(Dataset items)
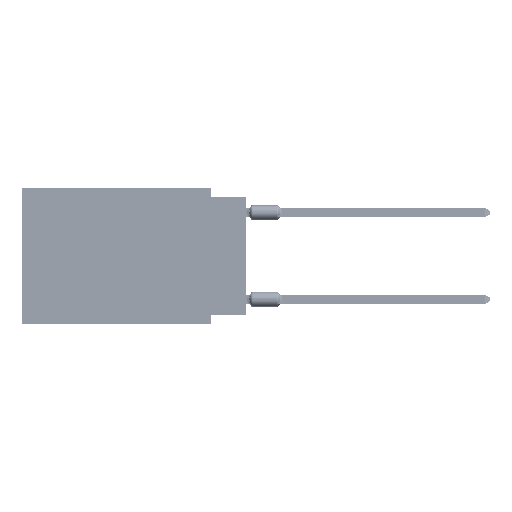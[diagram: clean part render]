
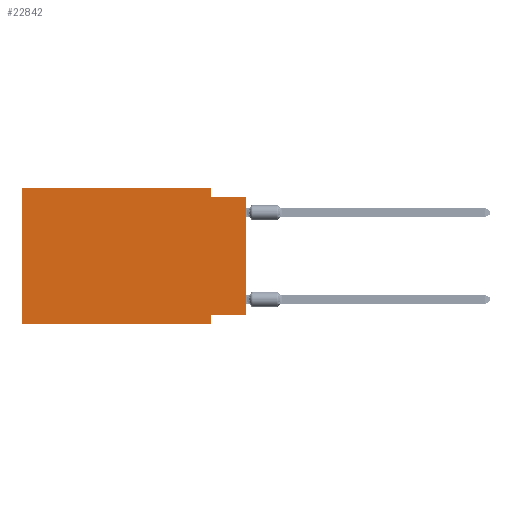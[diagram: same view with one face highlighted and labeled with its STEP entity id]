
A CAD part, left-side view. The second image highlights one B-rep face of the part: STEP entity #22842.
In plain terms, the highlighted planar face has unit normal (-1, 0, 0).
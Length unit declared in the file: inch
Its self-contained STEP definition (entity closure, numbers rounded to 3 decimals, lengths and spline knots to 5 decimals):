
#12 = VERTEX_POINT ( 'NONE', #15756 ) ;
#112 = FACE_OUTER_BOUND ( 'NONE', #55734, .T. ) ;
#327 = EDGE_CURVE ( 'NONE', #12, #71930, #74552, .T. ) ;
#1677 = DIRECTION ( 'NONE',  ( 0., 0., -1. ) ) ;
#2386 = ORIENTED_EDGE ( 'NONE', *, *, #60859, .T. ) ;
#9973 = CARTESIAN_POINT ( 'NONE',  ( 0., 0.645, -0.39 ) ) ;
#10637 = CARTESIAN_POINT ( 'NONE',  ( 0., 0.1, 0. ) ) ;
#10812 = VECTOR ( 'NONE', #62436, 39.37008 ) ;
#10823 = EDGE_CURVE ( 'NONE', #30338, #66851, #62764, .T. ) ;
#11741 = LINE ( 'NONE', #49872, #10812 ) ;
#14947 = CARTESIAN_POINT ( 'NONE',  ( 0., 0.645, 0. ) ) ;
#15350 = LINE ( 'NONE', #14947, #48545 ) ;
#15441 = VECTOR ( 'NONE', #75757, 39.37008 ) ;
#15746 = ORIENTED_EDGE ( 'NONE', *, *, #327, .F. ) ;
#15756 = CARTESIAN_POINT ( 'NONE',  ( 0., 0.1, -0.025 ) ) ;
#17090 = EDGE_CURVE ( 'NONE', #29389, #30338, #11741, .T. ) ;
#18115 = LINE ( 'NONE', #48184, #34648 ) ;
#18523 = EDGE_CURVE ( 'NONE', #76039, #56901, #15350, .T. ) ;
#19730 = CARTESIAN_POINT ( 'NONE',  ( 0., 0.1, -0.365 ) ) ;
#22842 = ADVANCED_FACE ( 'NONE', ( #112 ), #74008, .F. ) ;
#25514 = CARTESIAN_POINT ( 'NONE',  ( 0., 0.645, 0. ) ) ;
#29389 = VERTEX_POINT ( 'NONE', #50410 ) ;
#30338 = VERTEX_POINT ( 'NONE', #19730 ) ;
#30595 = CARTESIAN_POINT ( 'NONE',  ( 0., 0.645, -0.39 ) ) ;
#31672 = CARTESIAN_POINT ( 'NONE',  ( 0., 0.645, 0. ) ) ;
#32279 = EDGE_CURVE ( 'NONE', #56901, #12, #40653, .T. ) ;
#32532 = CARTESIAN_POINT ( 'NONE',  ( 0., 0.1, 0. ) ) ;
#33145 = VECTOR ( 'NONE', #62234, 39.37008 ) ;
#34553 = AXIS2_PLACEMENT_3D ( 'NONE', #41994, #73611, #61027 ) ;
#34648 = VECTOR ( 'NONE', #55455, 39.37008 ) ;
#34811 = CARTESIAN_POINT ( 'NONE',  ( 0., 0.1, -0.39 ) ) ;
#35458 = VECTOR ( 'NONE', #62369, 39.37008 ) ;
#40653 = LINE ( 'NONE', #32532, #79321 ) ;
#41693 = VERTEX_POINT ( 'NONE', #9973 ) ;
#41994 = CARTESIAN_POINT ( 'NONE',  ( 0., 0.645, 0. ) ) ;
#43728 = CARTESIAN_POINT ( 'NONE',  ( 0., 0., -0.025 ) ) ;
#48184 = CARTESIAN_POINT ( 'NONE',  ( 0., 0., 0. ) ) ;
#48318 = ORIENTED_EDGE ( 'NONE', *, *, #32279, .F. ) ;
#48476 = LINE ( 'NONE', #30595, #33145 ) ;
#48545 = VECTOR ( 'NONE', #64445, 39.37008 ) ;
#49872 = CARTESIAN_POINT ( 'NONE',  ( 0., 0., -0.365 ) ) ;
#50410 = CARTESIAN_POINT ( 'NONE',  ( 0., 0., -0.365 ) ) ;
#50679 = DIRECTION ( 'NONE',  ( 0., 0., 1. ) ) ;
#51680 = ORIENTED_EDGE ( 'NONE', *, *, #62067, .T. ) ;
#55455 = DIRECTION ( 'NONE',  ( 0., 0., 1. ) ) ;
#55734 = EDGE_LOOP ( 'NONE', ( #51680, #15746, #48318, #72112, #73805, #2386, #66649, #71042 ) ) ;
#56901 = VERTEX_POINT ( 'NONE', #10637 ) ;
#60859 = EDGE_CURVE ( 'NONE', #41693, #66851, #48476, .T. ) ;
#61027 = DIRECTION ( 'NONE',  ( 0., 0., -1. ) ) ;
#62067 = EDGE_CURVE ( 'NONE', #29389, #71930, #18115, .T. ) ;
#62234 = DIRECTION ( 'NONE',  ( 0., -1., 0. ) ) ;
#62369 = DIRECTION ( 'NONE',  ( 0., -1., 0. ) ) ;
#62436 = DIRECTION ( 'NONE',  ( 0., 1., 0. ) ) ;
#62525 = VECTOR ( 'NONE', #50679, 39.37008 ) ;
#62764 = LINE ( 'NONE', #76159, #15441 ) ;
#64201 = CARTESIAN_POINT ( 'NONE',  ( 0., 0., -0.025 ) ) ;
#64445 = DIRECTION ( 'NONE',  ( 0., -1., 0. ) ) ;
#66649 = ORIENTED_EDGE ( 'NONE', *, *, #10823, .F. ) ;
#66851 = VERTEX_POINT ( 'NONE', #34811 ) ;
#70776 = EDGE_CURVE ( 'NONE', #41693, #76039, #75429, .T. ) ;
#71042 = ORIENTED_EDGE ( 'NONE', *, *, #17090, .F. ) ;
#71930 = VERTEX_POINT ( 'NONE', #64201 ) ;
#72112 = ORIENTED_EDGE ( 'NONE', *, *, #18523, .F. ) ;
#73611 = DIRECTION ( 'NONE',  ( 1., 0., 0. ) ) ;
#73805 = ORIENTED_EDGE ( 'NONE', *, *, #70776, .F. ) ;
#74008 = PLANE ( 'NONE',  #34553 ) ;
#74552 = LINE ( 'NONE', #43728, #35458 ) ;
#75429 = LINE ( 'NONE', #25514, #62525 ) ;
#75757 = DIRECTION ( 'NONE',  ( 0., 0., -1. ) ) ;
#76039 = VERTEX_POINT ( 'NONE', #31672 ) ;
#76159 = CARTESIAN_POINT ( 'NONE',  ( 0., 0.1, -0.39 ) ) ;
#79321 = VECTOR ( 'NONE', #1677, 39.37008 ) ;

EXERCISE PROMPT: Each line from the one with "#62067 = EDGE_CURVE" through the end of the records above should be written out exactly. No other line should appear.

OUTPUT OF THE TASK:
#62067 = EDGE_CURVE ( 'NONE', #29389, #71930, #18115, .T. ) ;
#62234 = DIRECTION ( 'NONE',  ( 0., -1., 0. ) ) ;
#62369 = DIRECTION ( 'NONE',  ( 0., -1., 0. ) ) ;
#62436 = DIRECTION ( 'NONE',  ( 0., 1., 0. ) ) ;
#62525 = VECTOR ( 'NONE', #50679, 39.37008 ) ;
#62764 = LINE ( 'NONE', #76159, #15441 ) ;
#64201 = CARTESIAN_POINT ( 'NONE',  ( 0., 0., -0.025 ) ) ;
#64445 = DIRECTION ( 'NONE',  ( 0., -1., 0. ) ) ;
#66649 = ORIENTED_EDGE ( 'NONE', *, *, #10823, .F. ) ;
#66851 = VERTEX_POINT ( 'NONE', #34811 ) ;
#70776 = EDGE_CURVE ( 'NONE', #41693, #76039, #75429, .T. ) ;
#71042 = ORIENTED_EDGE ( 'NONE', *, *, #17090, .F. ) ;
#71930 = VERTEX_POINT ( 'NONE', #64201 ) ;
#72112 = ORIENTED_EDGE ( 'NONE', *, *, #18523, .F. ) ;
#73611 = DIRECTION ( 'NONE',  ( 1., 0., 0. ) ) ;
#73805 = ORIENTED_EDGE ( 'NONE', *, *, #70776, .F. ) ;
#74008 = PLANE ( 'NONE',  #34553 ) ;
#74552 = LINE ( 'NONE', #43728, #35458 ) ;
#75429 = LINE ( 'NONE', #25514, #62525 ) ;
#75757 = DIRECTION ( 'NONE',  ( 0., 0., -1. ) ) ;
#76039 = VERTEX_POINT ( 'NONE', #31672 ) ;
#76159 = CARTESIAN_POINT ( 'NONE',  ( 0., 0.1, -0.39 ) ) ;
#79321 = VECTOR ( 'NONE', #1677, 39.37008 ) ;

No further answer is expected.